Did a trade with Windyridgebowman ( Chuck ), had some mineral stained Osage in it.
He wanted a Copper over Slate for his end of the deal, made him a Green Grunter as well, the other pot is mine, slate over glass, I love mine, hope you like yours, Chuck.

Roy


----------



## BrentWin (Oct 5, 2013)

Beautiful work!


----------



## myingling (Oct 5, 2013)

That's some nice lookin wood you did it some justice  Nice Work


----------



## NYWoodturner (Oct 5, 2013)

Great looking calls. Nice job on the finish.
Scott


----------



## bearmanric (Oct 5, 2013)

I think he will be Happy.. Nice work. Rick


----------



## windyridgebowman (Oct 10, 2013)

bearmanric said:


> I think he will be Happy.. Nice work. Rick



I'm happy and don't even have it yet lol. thanks Roy


----------



## windyridgebowman (Oct 11, 2013)

windyridgebowman said:


> bearmanric said:
> 
> 
> > I think he will be Happy.. Nice work. Rick
> ...



The mail lady brought me a present!!! I love the calls Roy.
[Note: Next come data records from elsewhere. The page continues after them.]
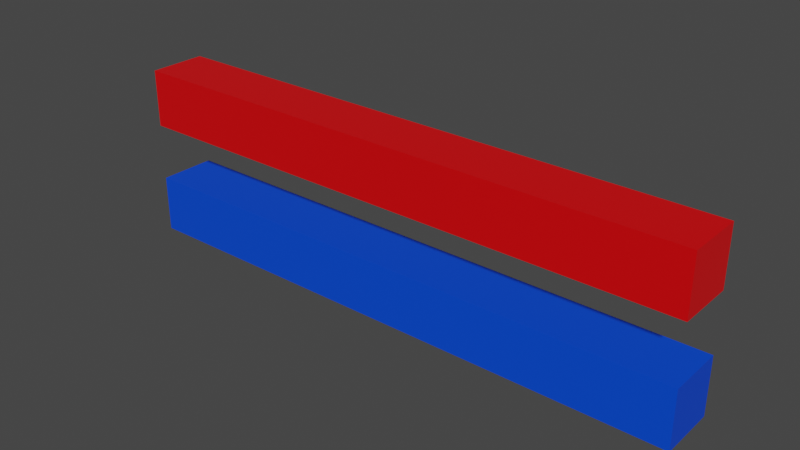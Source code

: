 # Source: moverYReposicionar.blend  (saved by Blender 2.93.20; exported with 4.5.12 LTS)
import bpy
from mathutils import Matrix  # noqa: F401  (used for matrix-valued properties, if any)

bpy.ops.wm.read_factory_settings(use_empty=True)
scene = bpy.context.scene
scene.name = 'Scene'

# ---- collections
col_collection = bpy.data.collections.new('Collection'); scene.collection.children.link(col_collection)
col_mesh = bpy.data.collections.new('Mesh'); scene.collection.children.link(col_mesh)
col_rig = bpy.data.collections.new('Rig'); scene.collection.children.link(col_rig)
col_collision = bpy.data.collections.new('Collision'); scene.collection.children.link(col_collision)
col_extras = bpy.data.collections.new('Extras'); scene.collection.children.link(col_extras)

# ---- materials (node trees are filled in below, after node groups)
mat_rojo = bpy.data.materials.new('Rojo')
mat_rojo.alpha_threshold = 0.0
mat_rojo.use_transparent_shadow = False
mat_rojo.line_color = (0.0, 0.0, 0.0, 1.0)
mat_azul = bpy.data.materials.new('Azul')
mat_azul.alpha_threshold = 0.0
mat_azul.use_transparent_shadow = False
mat_azul.line_color = (0.0, 0.0, 0.0, 1.0)

# ---- material node trees
mat_rojo.use_nodes = True; mat_rojo.node_tree.nodes.clear()
_N = mat_rojo.node_tree.nodes; _L = mat_rojo.node_tree.links
n0 = _N.new('ShaderNodeOutputMaterial'); n0.name = 'Material Output'; n0.location = (300, 300)
n1 = _N.new('ShaderNodeBsdfPrincipled'); n1.name = 'Principled BSDF'; n1.location = (10, 300)
n1.distribution = 'GGX'
n1.subsurface_method = 'BURLEY'
n1.inputs[0].default_value = (0.8, 0.0, 0.002188, 1.0)
n1.inputs[2].default_value = 0.4
n1.inputs[3].default_value = 1.45
n1.inputs[27].default_value = (0.0, 0.0, 0.0, 1.0)
n1.inputs[28].default_value = 1.0
_L.new(n1.outputs[0], n0.inputs[0])
n0.is_active_output = True
mat_azul.use_nodes = True; mat_azul.node_tree.nodes.clear()
_N = mat_azul.node_tree.nodes; _L = mat_azul.node_tree.links
n0 = _N.new('ShaderNodeOutputMaterial'); n0.name = 'Material Output'; n0.location = (300, 300)
n1 = _N.new('ShaderNodeBsdfPrincipled'); n1.name = 'Principled BSDF'; n1.location = (10, 300)
n1.distribution = 'GGX'
n1.subsurface_method = 'BURLEY'
n1.inputs[0].default_value = (0.0, 0.06709, 0.8, 1.0)
n1.inputs[2].default_value = 0.4
n1.inputs[3].default_value = 1.45
n1.inputs[27].default_value = (0.0, 0.0, 0.0, 1.0)
n1.inputs[28].default_value = 1.0
_L.new(n1.outputs[0], n0.inputs[0])
n0.is_active_output = True

# ---- world
world_world = bpy.data.worlds.new('World'); scene.world = world_world
world_world.use_nodes = True; world_world.node_tree.nodes.clear()
_N = world_world.node_tree.nodes; _L = world_world.node_tree.links
n0 = _N.new('ShaderNodeOutputWorld'); n0.name = 'World Output'; n0.location = (300, 300)
n1 = _N.new('ShaderNodeBackground'); n1.name = 'Background'; n1.location = (10, 300)
n1.inputs[0].default_value = (0.05088, 0.05088, 0.05088, 1.0)
_L.new(n1.outputs[0], n0.inputs[0])
n0.is_active_output = True
world_world.color = (0.05088, 0.05088, 0.05088)
world_world.use_sun_shadow = False
world_world.sun_shadow_jitter_overblur = 0.0

# ---- meshes
me_cube = bpy.data.meshes.new('Cube')
me_cube.from_pydata([(10.0, 1.0, 1.0), (10.0, 1.0, -1.0), (10.0, -1.0, 1.0), (10.0, -1.0, -1.0), (-10.0, 1.0, 1.0), (-10.0, 1.0, -1.0), (-10.0, -1.0, 1.0), (-10.0, -1.0, -1.0)], [], [(0, 4, 6, 2), (3, 2, 6, 7), (7, 6, 4, 5), (5, 1, 3, 7), (1, 0, 2, 3), (5, 4, 0, 1)])
_uv = me_cube.uv_layers.new(name='UVMap')
_uv.uv.foreach_set('vector', [0.625, 0.5, 0.875, 0.5, 0.875, 0.75, 0.625, 0.75, 0.375, 0.75, 0.625, 0.75, 0.625, 1.0, 0.375, 1.0, 0.375, 0.0, 0.625, 0.0, 0.625, 0.25, 0.375, 0.25, 0.125, 0.5, 0.375, 0.5, 0.375, 0.75, 0.125, 0.75, 0.375, 0.5, 0.625, 0.5, 0.625, 0.75, 0.375, 0.75, 0.375, 0.25, 0.625, 0.25, 0.625, 0.5, 0.375, 0.5])
me_cube.materials.append(mat_rojo)
me_cube.use_remesh_preserve_volume = False
me_cube.use_remesh_preserve_attributes = False
me_cube.use_mirror_vertex_groups = False
me_cube.update()
me_cube_001 = bpy.data.meshes.new('Cube.001')
me_cube_001.from_pydata([(10.0, 1.0, 1.0), (10.0, 1.0, -1.0), (10.0, -1.0, 1.0), (10.0, -1.0, -1.0), (-10.0, 1.0, 1.0), (-10.0, 1.0, -1.0), (-10.0, -1.0, 1.0), (-10.0, -1.0, -1.0)], [], [(0, 4, 6, 2), (3, 2, 6, 7), (7, 6, 4, 5), (5, 1, 3, 7), (1, 0, 2, 3), (5, 4, 0, 1)])
_uv = me_cube_001.uv_layers.new(name='UVMap')
_uv.uv.foreach_set('vector', [0.625, 0.5, 0.875, 0.5, 0.875, 0.75, 0.625, 0.75, 0.375, 0.75, 0.625, 0.75, 0.625, 1.0, 0.375, 1.0, 0.375, 0.0, 0.625, 0.0, 0.625, 0.25, 0.375, 0.25, 0.125, 0.5, 0.375, 0.5, 0.375, 0.75, 0.125, 0.75, 0.375, 0.5, 0.625, 0.5, 0.625, 0.75, 0.375, 0.75, 0.375, 0.25, 0.625, 0.25, 0.625, 0.5, 0.375, 0.5])
me_cube_001.materials.append(mat_azul)
me_cube_001.use_remesh_preserve_volume = False
me_cube_001.use_remesh_preserve_attributes = False
me_cube_001.use_mirror_vertex_groups = False
me_cube_001.update()

# ---- objects
ob_plataformaroja = bpy.data.objects.new('PlataformaRoja', me_cube)
ob_plataformaazul = bpy.data.objects.new('PlataformaAzul', me_cube_001)

# ---- transforms, parenting, visibility, modifiers, constraints
ob_plataformaroja.location = (0.0, 0.0, 4.0)
ob_plataformaroja.lock_rotations_4d = False
ob_plataformaroja.empty_display_type = 'ARROWS'
ob_plataformaroja.lineart.crease_threshold = 0.0
ob_plataformaazul.location = (0.0, 0.0, 0.0)
ob_plataformaazul.lock_rotations_4d = False
ob_plataformaazul.empty_display_type = 'ARROWS'
ob_plataformaazul.lineart.crease_threshold = 0.0

# ---- collection membership
col_mesh.objects.link(ob_plataformaroja)
col_mesh.objects.link(ob_plataformaazul)

# ---- scene / render settings (as saved in the file)
scene.frame_start = 1; scene.frame_end = 250; scene.frame_set(1)
scene.render.engine = 'BLENDER_EEVEE_NEXT'
scene.cycles.use_denoising = False
scene.cycles.samples = 128
scene.cycles.sampling_pattern = 'TABULATED_SOBOL'
scene.cycles.use_adaptive_sampling = False
scene.cycles.use_light_tree = False
scene.view_settings.view_transform = 'Filmic'
bpy.context.view_layer.update()

# ---- added for rendering (the .blend has no active camera and no usable light): camera, sun
cam_auto = bpy.data.cameras.new('AutoCamera')
cam_auto.lens = 50.0
cam_auto.sensor_width = 36.0
cam_auto.clip_end = 1000.0
ob_auto_camera = bpy.data.objects.new('AutoCamera', cam_auto)
scene.collection.objects.link(ob_auto_camera)
ob_auto_camera.location = (19.4077, -23.2892, 17.5261)
ob_auto_camera.rotation_euler = (1.09748, -7.21219e-08, 0.694738)
scene.camera = ob_auto_camera
light_auto_sun = bpy.data.lights.new('AutoSun', 'SUN')
light_auto_sun.energy = 3.0
light_auto_sun.angle = 0.0523599
ob_auto_sun = bpy.data.objects.new('AutoSun', light_auto_sun)
scene.collection.objects.link(ob_auto_sun)
ob_auto_sun.rotation_euler = (0.872665, 0.174533, 0.523599)
bpy.context.view_layer.update()

I will have to have a few more grunters after showing this one to my hunting buddies. lol. let me know when you run low on wood. thanks again Chuck.


----------



## RW Mackey (Oct 11, 2013)

Glad you Like how they turned out, always a good trade. I have about six Grunters ready to go if your buddies need one fast, let me know.

Thanks Again,

Roy


----------